Mitch Johnson

No. 64, 70, 74
- Positions: Tackle, Guard

Personal information
- Born: March 1, 1942 (age 84) Chicago, Illinois, U.S.
- Listed height: 6 ft 4 in (1.93 m)
- Listed weight: 251 lb (114 kg)

Career information
- High school: Compton (CA) Centennial
- College: UCLA;
- NFL draft: 1965: 17th round, 229th overall pick

Career history
- Dallas Cowboys (1965); Washington (1966–1967); Los Angeles Rams (1969–1970); Cleveland Browns (1971); Washington Redskins (1972)*; Florida Blazers (1974);
- * Offseason or practice squad member only

Career NFL statistics
- Games played: 79
- Games started: 28
- Stats at Pro Football Reference

= Mitch Johnson (American football) =

American football player (born 1942)

Mitchell Allen Johnson (born March 1, 1942) is an American former professional football player and businessman. Johnson played offensive tackle in the National Football League (NFL) for the Dallas Cowboys, Washington Redskins, Los Angeles Rams and Cleveland Browns. He played college football for the UCLA Bruins. He later served as a business executive.

== Early life and education ==
Johnson attended Centennial High School, before playing at the University of California, Los Angeles, where after playing on the Freshman team in 1960 and missing the 1961 season with an injury, he became a three-year letterman from 1962-1964, including two years as starter at left tackle. In addition to his talents as a blocker, his athletic ability allowed him to score two touchdowns on tackle-eligible plays.

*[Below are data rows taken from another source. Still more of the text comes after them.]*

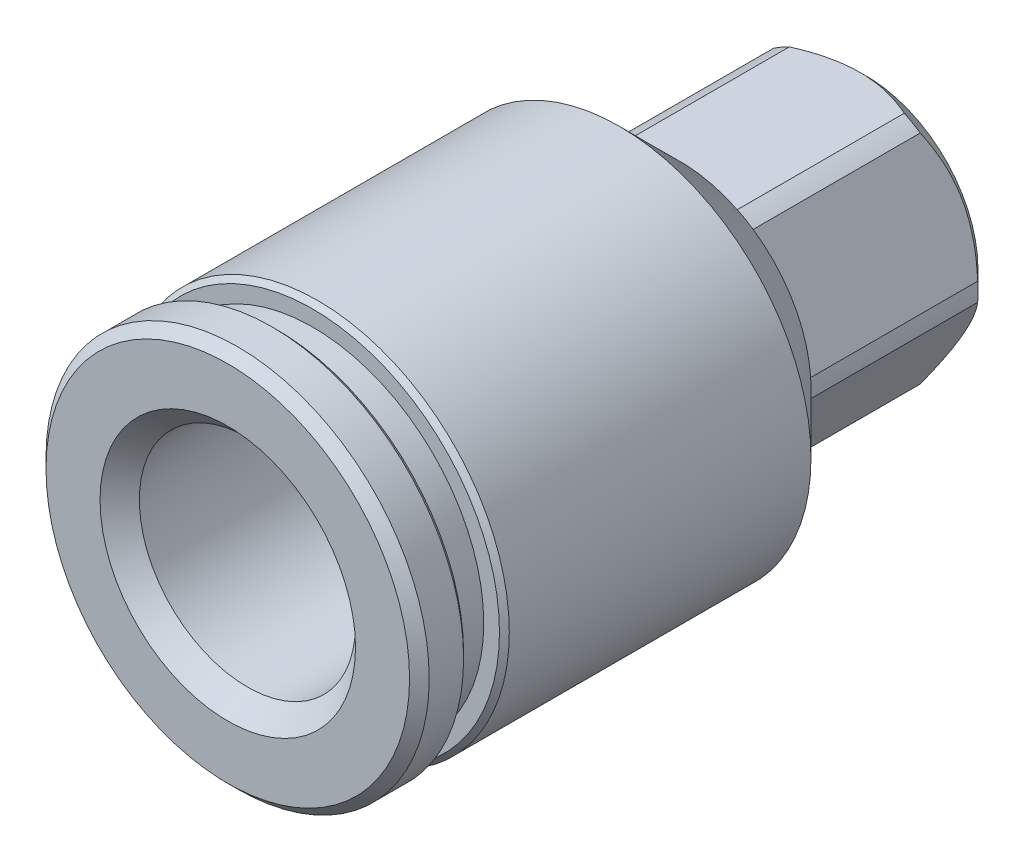
ISO-10303-21;
HEADER;
FILE_DESCRIPTION(('STEP AP214'),'2;1');
FILE_NAME('part.step','',(''),(''),'','','');
FILE_SCHEMA(('AUTOMOTIVE_DESIGN { 1 0 10303 214 1 1 1 1 }'));
ENDSEC;
DATA;
#1=APPLICATION_CONTEXT('core data for automotive mechanical design processes');
#2=APPLICATION_PROTOCOL_DEFINITION('international standard','automotive_design',2000,#1);
#3=PRODUCT_CONTEXT('',#1,'mechanical');
#4=PRODUCT('Part','Part','',(#3));
#5=PRODUCT_RELATED_PRODUCT_CATEGORY('part','',(#4));
#6=PRODUCT_DEFINITION_FORMATION('','',#4);
#7=PRODUCT_DEFINITION_CONTEXT('part definition',#1,'design');
#8=PRODUCT_DEFINITION('design','',#6,#7);
#9=PRODUCT_DEFINITION_SHAPE('','',#8);
#10=(LENGTH_UNIT() NAMED_UNIT(*) SI_UNIT(.MILLI.,.METRE.));
#11=(NAMED_UNIT(*) PLANE_ANGLE_UNIT() SI_UNIT($,.RADIAN.));
#12=(NAMED_UNIT(*) SI_UNIT($,.STERADIAN.) SOLID_ANGLE_UNIT());
#13=UNCERTAINTY_MEASURE_WITH_UNIT(LENGTH_MEASURE(1.E-05),#10,'distance_accuracy_value','');
#14=(GEOMETRIC_REPRESENTATION_CONTEXT(3) GLOBAL_UNCERTAINTY_ASSIGNED_CONTEXT((#13)) GLOBAL_UNIT_ASSIGNED_CONTEXT((#10,
#11,#12)) REPRESENTATION_CONTEXT('',''));
#15=CARTESIAN_POINT('',(0.,0.,0.));
#16=DIRECTION('',(0.,0.,1.));
#17=DIRECTION('',(1.,0.,0.));
#18=AXIS2_PLACEMENT_3D('',#15,#16,#17);
#19=CARTESIAN_POINT('',(0.,0.,-65.));
#20=DIRECTION('',(0.,0.,1.));
#21=DIRECTION('',(1.,0.,0.));
#22=AXIS2_PLACEMENT_3D('',#19,#20,#21);
#23=CONICAL_SURFACE('',#22,11.35,0.785398163397434);
#24=CARTESIAN_POINT('',(0.,0.,-65.));
#25=DIRECTION('',(0.,0.,1.));
#26=DIRECTION('',(1.,0.,0.));
#27=AXIS2_PLACEMENT_3D('',#24,#25,#26);
#28=CIRCLE('',#27,11.35);
#29=CARTESIAN_POINT('',(11.35,0.,-65.));
#30=VERTEX_POINT('',#29);
#31=EDGE_CURVE('E12',#30,#30,#28,.T.);
#32=ORIENTED_EDGE('',*,*,#31,.T.);
#33=EDGE_LOOP('',(#32));
#34=FACE_BOUND('',#33,.T.);
#35=CARTESIAN_POINT('',(13.3175330433493,0.933356137441655,-62.9997999999999));
#36=CARTESIAN_POINT('',(13.107581088092,1.29700359109579,-63.1838289213796));
#37=CARTESIAN_POINT('',(12.8943576599389,1.66631740202087,-63.3547115315857));
#38=CARTESIAN_POINT('',(12.46114372675,2.41666594485073,-63.6631506433928));
#39=CARTESIAN_POINT('',(12.2411315290394,2.79773824957038,-63.8005843311892));
#40=CARTESIAN_POINT('',(11.9082338706203,3.37433390767311,-63.9747459432874));
#41=CARTESIAN_POINT('',(11.7974122503937,3.56628258448257,-64.0272632826221));
#42=CARTESIAN_POINT('',(11.574606297149,3.95219381573119,-64.1211840504004));
#43=CARTESIAN_POINT('',(11.4626221355784,4.14615607321463,-64.1625890941249));
#44=CARTESIAN_POINT('',(11.2378628931056,4.53545050064811,-64.2334541693245));
#45=CARTESIAN_POINT('',(11.1250890820435,4.7307804711708,-64.2629302295379));
#46=CARTESIAN_POINT('',(10.8988982922271,5.12255441133695,-64.3094045670442));
#47=CARTESIAN_POINT('',(10.7854813292948,5.31899835357589,-64.3264031499617));
#48=CARTESIAN_POINT('',(10.5656465420787,5.69976337430528,-64.3468709014907));
#49=CARTESIAN_POINT('',(10.4592472313394,5.88405238639599,-64.3511391875582));
#50=CARTESIAN_POINT('',(10.2464919242042,6.25255538793413,-64.348342437929));
#51=CARTESIAN_POINT('',(10.1401359256667,6.43676938109086,-64.3412780548952));
#52=CARTESIAN_POINT('',(9.92771138430616,6.80469947950177,-64.3159477033839));
#53=CARTESIAN_POINT('',(9.82164298796551,6.98841533104113,-64.2976768248806));
#54=CARTESIAN_POINT('',(9.61010842017716,7.35480395000769,-64.2502859501648));
#55=CARTESIAN_POINT('',(9.50464233893754,7.53747656118989,-64.2211643699888));
#56=CARTESIAN_POINT('',(9.18962933819775,8.08309508351595,-64.1183036629273));
#57=CARTESIAN_POINT('',(8.98131536768569,8.44390546436923,-64.0290491810026));
#58=CARTESIAN_POINT('',(8.56939078005538,9.15737977903178,-63.8147136095524));
#59=CARTESIAN_POINT('',(8.36578168436937,9.51004107764311,-63.6896211014258));
#60=CARTESIAN_POINT('',(8.0465301727725,10.0630009161221,-63.4673972169287));
#61=CARTESIAN_POINT('',(7.92916804664934,10.2662780814517,-63.3799429654052));
#62=CARTESIAN_POINT('',(7.7546679780071,10.5685210662643,-63.2420961830428));
#63=CARTESIAN_POINT('',(7.69685211821126,10.668661072914,-63.1951188998973));
#64=CARTESIAN_POINT('',(7.58164348742745,10.868208274902,-63.0990262705877));
#65=CARTESIAN_POINT('',(7.52425086378998,10.9676152150217,-63.049910217426));
#66=CARTESIAN_POINT('',(7.46707664747725,11.0666438625583,-62.9997999999999));
#67=B_SPLINE_CURVE_WITH_KNOTS('',3,(#35,#36,#37,#38,#39,#40,#41,#42,#43,#44,#45,#46,#47,#48,#49,
#50,#51,#52,#53,#54,#55,#56,#57,#58,#59,#60,#61,#62,#63,#64,#65,#66),.UNSPECIFIED.,.F.,.F.,(4,2,
2,2,2,2,2,2,2,2,2,2,2,2,2,4),(0.,1.37630499030271,2.75758957563814,3.44067512595391,
4.12366132926286,4.80572674601863,5.48777545563401,6.12600110486054,6.76418999917248,
7.40265871018195,8.04122066010621,9.31743314078434,10.5940526974263,11.345327394544,
11.7197376011185,12.0942725274741),.UNSPECIFIED.);
#68=CARTESIAN_POINT('',(13.3173048454133,0.933751387861032,-62.9999999999999));
#69=VERTEX_POINT('',#68);
#70=CARTESIAN_POINT('',(7.46730484541327,11.066248612139,-62.9999999999999));
#71=VERTEX_POINT('',#70);
#72=EDGE_CURVE('E299',#69,#71,#67,.T.);
#73=ORIENTED_EDGE('',*,*,#72,.F.);
#74=CARTESIAN_POINT('',(0.,0.,-62.9999999999999));
#75=DIRECTION('',(0.,0.,1.));
#76=DIRECTION('',(1.,0.,0.));
#77=AXIS2_PLACEMENT_3D('',#74,#75,#76);
#78=CIRCLE('',#77,13.35);
#79=CARTESIAN_POINT('',(13.3173048454133,-0.933751387861046,-62.9999999999999));
#80=VERTEX_POINT('',#79);
#81=EDGE_CURVE('E170',#80,#69,#78,.T.);
#82=ORIENTED_EDGE('',*,*,#81,.F.);
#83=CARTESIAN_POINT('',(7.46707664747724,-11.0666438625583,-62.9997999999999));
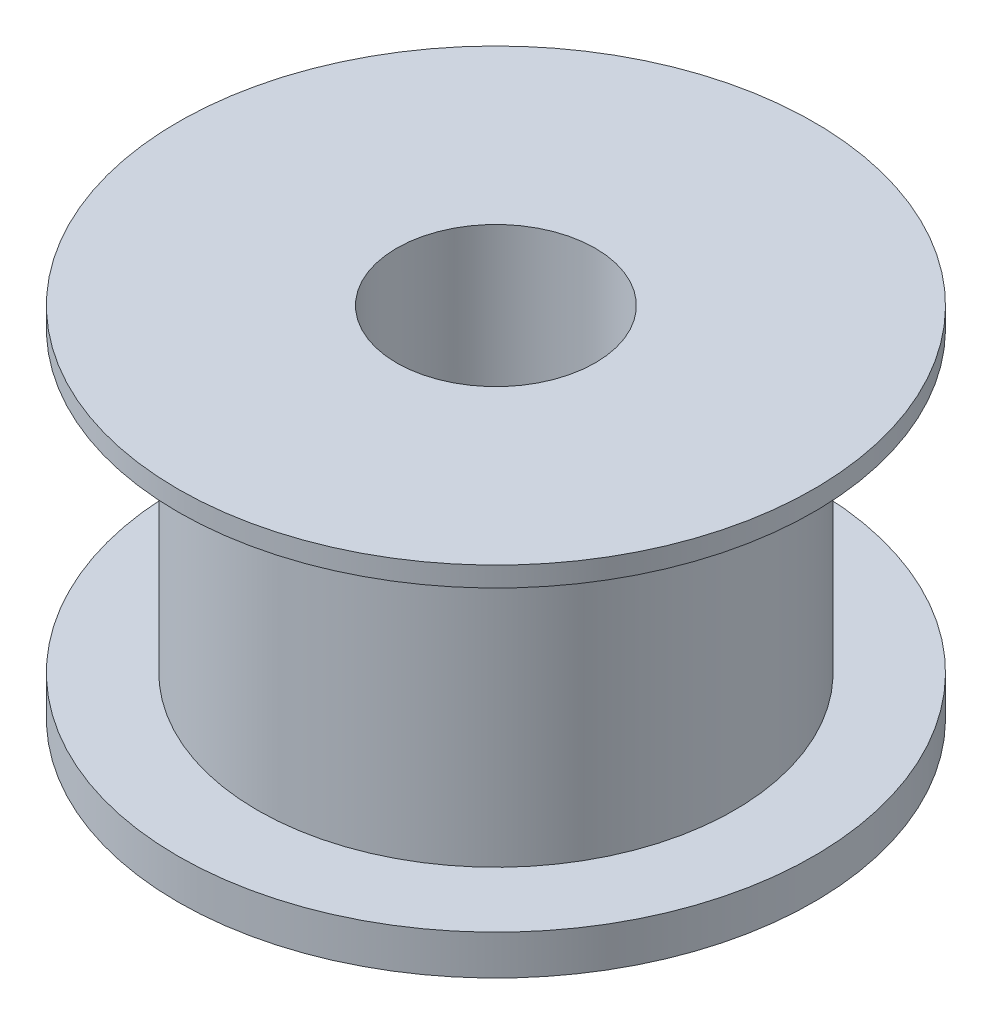
ISO-10303-21;
HEADER;
FILE_DESCRIPTION(('STEP AP214'),'2;1');
FILE_NAME('part.step','',(''),(''),'','','');
FILE_SCHEMA(('AUTOMOTIVE_DESIGN { 1 0 10303 214 1 1 1 1 }'));
ENDSEC;
DATA;
#1=APPLICATION_CONTEXT('core data for automotive mechanical design processes');
#2=APPLICATION_PROTOCOL_DEFINITION('international standard','automotive_design',2000,#1);
#3=PRODUCT_CONTEXT('',#1,'mechanical');
#4=PRODUCT('Part','Part','',(#3));
#5=PRODUCT_RELATED_PRODUCT_CATEGORY('part','',(#4));
#6=PRODUCT_DEFINITION_FORMATION('','',#4);
#7=PRODUCT_DEFINITION_CONTEXT('part definition',#1,'design');
#8=PRODUCT_DEFINITION('design','',#6,#7);
#9=PRODUCT_DEFINITION_SHAPE('','',#8);
#10=(LENGTH_UNIT() NAMED_UNIT(*) SI_UNIT(.MILLI.,.METRE.));
#11=(NAMED_UNIT(*) PLANE_ANGLE_UNIT() SI_UNIT($,.RADIAN.));
#12=(NAMED_UNIT(*) SI_UNIT($,.STERADIAN.) SOLID_ANGLE_UNIT());
#13=UNCERTAINTY_MEASURE_WITH_UNIT(LENGTH_MEASURE(1.E-05),#10,'distance_accuracy_value','');
#14=(GEOMETRIC_REPRESENTATION_CONTEXT(3) GLOBAL_UNCERTAINTY_ASSIGNED_CONTEXT((#13)) GLOBAL_UNIT_ASSIGNED_CONTEXT((#10,
#11,#12)) REPRESENTATION_CONTEXT('',''));
#15=CARTESIAN_POINT('',(0.,0.,0.));
#16=DIRECTION('',(0.,0.,1.));
#17=DIRECTION('',(1.,0.,0.));
#18=AXIS2_PLACEMENT_3D('',#15,#16,#17);
#19=CARTESIAN_POINT('',(0.,1.,0.));
#20=DIRECTION('',(0.,-1.,0.));
#21=DIRECTION('',(0.,0.,-1.));
#22=AXIS2_PLACEMENT_3D('',#19,#20,#21);
#23=CYLINDRICAL_SURFACE('',#22,8.);
#24=CARTESIAN_POINT('',(0.,1.,0.));
#25=DIRECTION('',(0.,1.,0.));
#26=DIRECTION('',(0.,0.,1.));
#27=AXIS2_PLACEMENT_3D('',#24,#25,#26);
#28=CIRCLE('',#27,8.);
#29=CARTESIAN_POINT('',(0.,1.,8.));
#30=VERTEX_POINT('',#29);
#31=EDGE_CURVE('E47',#30,#30,#28,.T.);
#32=ORIENTED_EDGE('',*,*,#31,.F.);
#33=EDGE_LOOP('',(#32));
#34=FACE_BOUND('',#33,.T.);
#35=CARTESIAN_POINT('',(0.,0.,0.));
#36=DIRECTION('',(0.,1.,0.));
#37=DIRECTION('',(0.,0.,1.));
#38=AXIS2_PLACEMENT_3D('',#35,#36,#37);
#39=CIRCLE('',#38,8.);
#40=CARTESIAN_POINT('',(0.,0.,8.));
#41=VERTEX_POINT('',#40);
#42=EDGE_CURVE('E42',#41,#41,#39,.T.);
#43=ORIENTED_EDGE('',*,*,#42,.T.);
#44=EDGE_LOOP('',(#43));
#45=FACE_BOUND('',#44,.T.);
#46=ADVANCED_FACE('F39',(#34,#45),#23,.T.);
#47=CARTESIAN_POINT('',(0.,1.,0.));
#48=DIRECTION('',(0.,1.,0.));
#49=DIRECTION('',(0.,0.,1.));
#50=AXIS2_PLACEMENT_3D('',#47,#48,#49);
#51=PLANE('',#50);
#52=CARTESIAN_POINT('',(0.,1.,0.));
#53=DIRECTION('',(0.,1.,0.));
#54=DIRECTION('',(0.,0.,1.));
#55=AXIS2_PLACEMENT_3D('',#52,#53,#54);
#56=CIRCLE('',#55,6.);
#57=CARTESIAN_POINT('',(0.,1.,6.));
#58=VERTEX_POINT('',#57);
#59=EDGE_CURVE('E10',#58,#58,#56,.T.);
#60=ORIENTED_EDGE('',*,*,#59,.F.);
#61=EDGE_LOOP('',(#60));
#62=FACE_BOUND('',#61,.T.);
#63=ORIENTED_EDGE('',*,*,#31,.T.);
#64=EDGE_LOOP('',(#63));
#65=FACE_BOUND('',#64,.T.);
#66=ADVANCED_FACE('F81',(#62,#65),#51,.T.);
#67=CARTESIAN_POINT('',(0.,0.,0.));
#68=DIRECTION('',(0.,1.,0.));
#69=DIRECTION('',(0.,0.,1.));
#70=AXIS2_PLACEMENT_3D('',#67,#68,#69);
#71=PLANE('',#70);
#72=CARTESIAN_POINT('',(0.,0.,0.));
#73=DIRECTION('',(0.,-1.,0.));
#74=DIRECTION('',(0.,0.,-1.));
#75=AXIS2_PLACEMENT_3D('',#72,#73,#74);
#76=CIRCLE('',#75,2.5);
#77=CARTESIAN_POINT('',(0.,0.,-2.5));
#78=VERTEX_POINT('',#77);
#79=EDGE_CURVE('E63',#78,#78,#76,.T.);
#80=ORIENTED_EDGE('',*,*,#79,.F.);
#81=EDGE_LOOP('',(#80));
#82=FACE_BOUND('',#81,.T.);
#83=ORIENTED_EDGE('',*,*,#42,.F.);
#84=EDGE_LOOP('',(#83));
#85=FACE_BOUND('',#84,.T.);
#86=ADVANCED_FACE('F77',(#82,#85),#71,.F.);
#87=CARTESIAN_POINT('',(0.,8.5,0.));
#88=DIRECTION('',(0.,-1.,0.));
#89=DIRECTION('',(0.,0.,-1.));
#90=AXIS2_PLACEMENT_3D('',#87,#88,#89);
#91=CYLINDRICAL_SURFACE('',#90,6.);
#92=CARTESIAN_POINT('',(0.,8.5,0.));
#93=DIRECTION('',(0.,1.,0.));
#94=DIRECTION('',(0.,0.,1.));
#95=AXIS2_PLACEMENT_3D('',#92,#93,#94);
#96=CIRCLE('',#95,6.);
#97=CARTESIAN_POINT('',(0.,8.5,6.));
#98=VERTEX_POINT('',#97);
#99=EDGE_CURVE('E54',#98,#98,#96,.T.);
#100=ORIENTED_EDGE('',*,*,#99,.F.);
#101=EDGE_LOOP('',(#100));
#102=FACE_BOUND('',#101,.T.);
#103=ORIENTED_EDGE('',*,*,#59,.T.);
#104=EDGE_LOOP('',(#103));
#105=FACE_BOUND('',#104,.T.);
#106=ADVANCED_FACE('F80',(#102,#105),#91,.T.);
#107=CARTESIAN_POINT('',(0.,9.,0.));
#108=DIRECTION('',(0.,-1.,0.));
#109=DIRECTION('',(0.,0.,-1.));
#110=AXIS2_PLACEMENT_3D('',#107,#108,#109);
#111=CYLINDRICAL_SURFACE('',#110,8.);
#112=CARTESIAN_POINT('',(0.,9.,0.));
#113=DIRECTION('',(0.,1.,0.));
#114=DIRECTION('',(0.,0.,1.));
#115=AXIS2_PLACEMENT_3D('',#112,#113,#114);
#116=CIRCLE('',#115,8.);
#117=CARTESIAN_POINT('',(0.,9.,8.));
#118=VERTEX_POINT('',#117);
#119=EDGE_CURVE('E58',#118,#118,#116,.T.);
#120=ORIENTED_EDGE('',*,*,#119,.F.);
#121=EDGE_LOOP('',(#120));
#122=FACE_BOUND('',#121,.T.);
#123=CARTESIAN_POINT('',(0.,8.5,0.));
#124=DIRECTION('',(0.,1.,0.));
#125=DIRECTION('',(0.,0.,1.));
#126=AXIS2_PLACEMENT_3D('',#123,#124,#125);
#127=CIRCLE('',#126,8.);
#128=CARTESIAN_POINT('',(0.,8.5,8.));
#129=VERTEX_POINT('',#128);
#130=EDGE_CURVE('E59',#129,#129,#127,.T.);
#131=ORIENTED_EDGE('',*,*,#130,.T.);
#132=EDGE_LOOP('',(#131));
#133=FACE_BOUND('',#132,.T.);
#134=ADVANCED_FACE('F100',(#122,#133),#111,.T.);
#135=CARTESIAN_POINT('',(0.,9.,0.));
#136=DIRECTION('',(0.,1.,0.));
#137=DIRECTION('',(0.,0.,1.));
#138=AXIS2_PLACEMENT_3D('',#135,#136,#137);
#139=PLANE('',#138);
#140=CARTESIAN_POINT('',(0.,9.,0.));
#141=DIRECTION('',(0.,1.,0.));
#142=DIRECTION('',(0.,0.,1.));
#143=AXIS2_PLACEMENT_3D('',#140,#141,#142);
#144=CIRCLE('',#143,2.5);
#145=CARTESIAN_POINT('',(0.,9.,2.5));
#146=VERTEX_POINT('',#145);
#147=EDGE_CURVE('E67',#146,#146,#144,.F.);
#148=ORIENTED_EDGE('',*,*,#147,.T.);
#149=EDGE_LOOP('',(#148));
#150=FACE_BOUND('',#149,.T.);
#151=ORIENTED_EDGE('',*,*,#119,.T.);
#152=EDGE_LOOP('',(#151));
#153=FACE_BOUND('',#152,.T.);
#154=ADVANCED_FACE('F104',(#150,#153),#139,.T.);
#155=CARTESIAN_POINT('',(0.,8.5,0.));
#156=DIRECTION('',(0.,1.,0.));
#157=DIRECTION('',(0.,0.,1.));
#158=AXIS2_PLACEMENT_3D('',#155,#156,#157);
#159=PLANE('',#158);
#160=ORIENTED_EDGE('',*,*,#99,.T.);
#161=EDGE_LOOP('',(#160));
#162=FACE_BOUND('',#161,.T.);
#163=ORIENTED_EDGE('',*,*,#130,.F.);
#164=EDGE_LOOP('',(#163));
#165=FACE_BOUND('',#164,.T.);
#166=ADVANCED_FACE('F106',(#162,#165),#159,.F.);
#167=CARTESIAN_POINT('',(0.,9.001,0.));
#168=DIRECTION('',(0.,-1.,0.));
#169=DIRECTION('',(0.,0.,-1.));
#170=AXIS2_PLACEMENT_3D('',#167,#168,#169);
#171=CYLINDRICAL_SURFACE('',#170,2.5);
#172=ORIENTED_EDGE('',*,*,#147,.F.);
#173=EDGE_LOOP('',(#172));
#174=FACE_BOUND('',#173,.T.);
#175=ORIENTED_EDGE('',*,*,#79,.T.);
#176=EDGE_LOOP('',(#175));
#177=FACE_BOUND('',#176,.T.);
#178=ADVANCED_FACE('F75',(#174,#177),#171,.F.);
#179=CLOSED_SHELL('',(#46,#66,#86,#106,#134,#154,#166,#178));
#180=MANIFOLD_SOLID_BREP('B2',#179);
#181=ADVANCED_BREP_SHAPE_REPRESENTATION('',(#18,#180),#14);
#182=SHAPE_DEFINITION_REPRESENTATION(#9,#181);
ENDSEC;
END-ISO-10303-21;

He graduated from UCLA in 1965 with a BA in Psychology.

==Professional career==

===Dallas Cowboys===
Johnson was selected in the seventeenth round (229th overall) of the 1965 NFL draft by the Dallas Cowboys and became the first African-American offensive lineman to make the team in franchise history.

On August 30, 1966, he was traded along with Brig Owens and Jake Kupp, to Washington in exchange for Jim Steffen and a fifth round draft pick (#119-Willie Parker).

===Washington (first stint)===
In 1966, he was named the starter at left tackle. On September 3, 1968, he was placed on the injured reserve list with a dislocated hip and missed the season. On September, 9, 1969, he was traded to the Los Angeles Rams in exchange for two draft picks.

===Los Angeles Rams===
Johnson played two seasons as a reserve offensive tackle with the Los Angeles Rams. On August 11, 1971, he was traded along with a fifth round pick (#128-Greg Kucera) to the Cleveland Browns in exchange for Joe Taffoni.

===Cleveland Browns===
Although Johnson had previously announced his retirement, on July 31, 1972, he was traded to Washington along with a 1974 eighth round pick (#196-Darwin Robinson) in exchange for a 1973 third round pick (#54-Paul Howard).

===Washington (second stint)===
On September 14, 1972, he was moved from the regular roster to the taxi squad.

===Florida Blazers===
On June 23, 1974, he signed a contract with the Florida Blazers and played one season in the World Football League. He helped Tommy Reamon become one of the league's Tri- MVP's and its leading rusher.

== Business career ==
Johnson served as a member of the Board of Directors of the Federal Agricultural Mortgage Corporation (Farmer Mac) from 1997 through 2026. He previously served as a trustee of and director for the Advisors' Inner Circle Funds, the Advisors' Inner Circle Funds II, The Bishop Street Funds, and SEI Funds. Johnson formerly was President of MAJ Capital Management, Inc., an investment management firm that he founded in 1994 following his retirement from the Student Loan Marketing Association ("Sallie Mae"). During his 21 years with Sallie Mae, Johnson held numerous positions within that organization, including, for the seven years preceding his retirement, Senior Vice President, Corporate Finance. He has been a trustee of Citizens Funds, Rushmore Funds, and Diversified Funds. Johnson also served as a director of Eldorado Bancshares, Inc., the holding company for Eldorado and Antelope Valley Banks.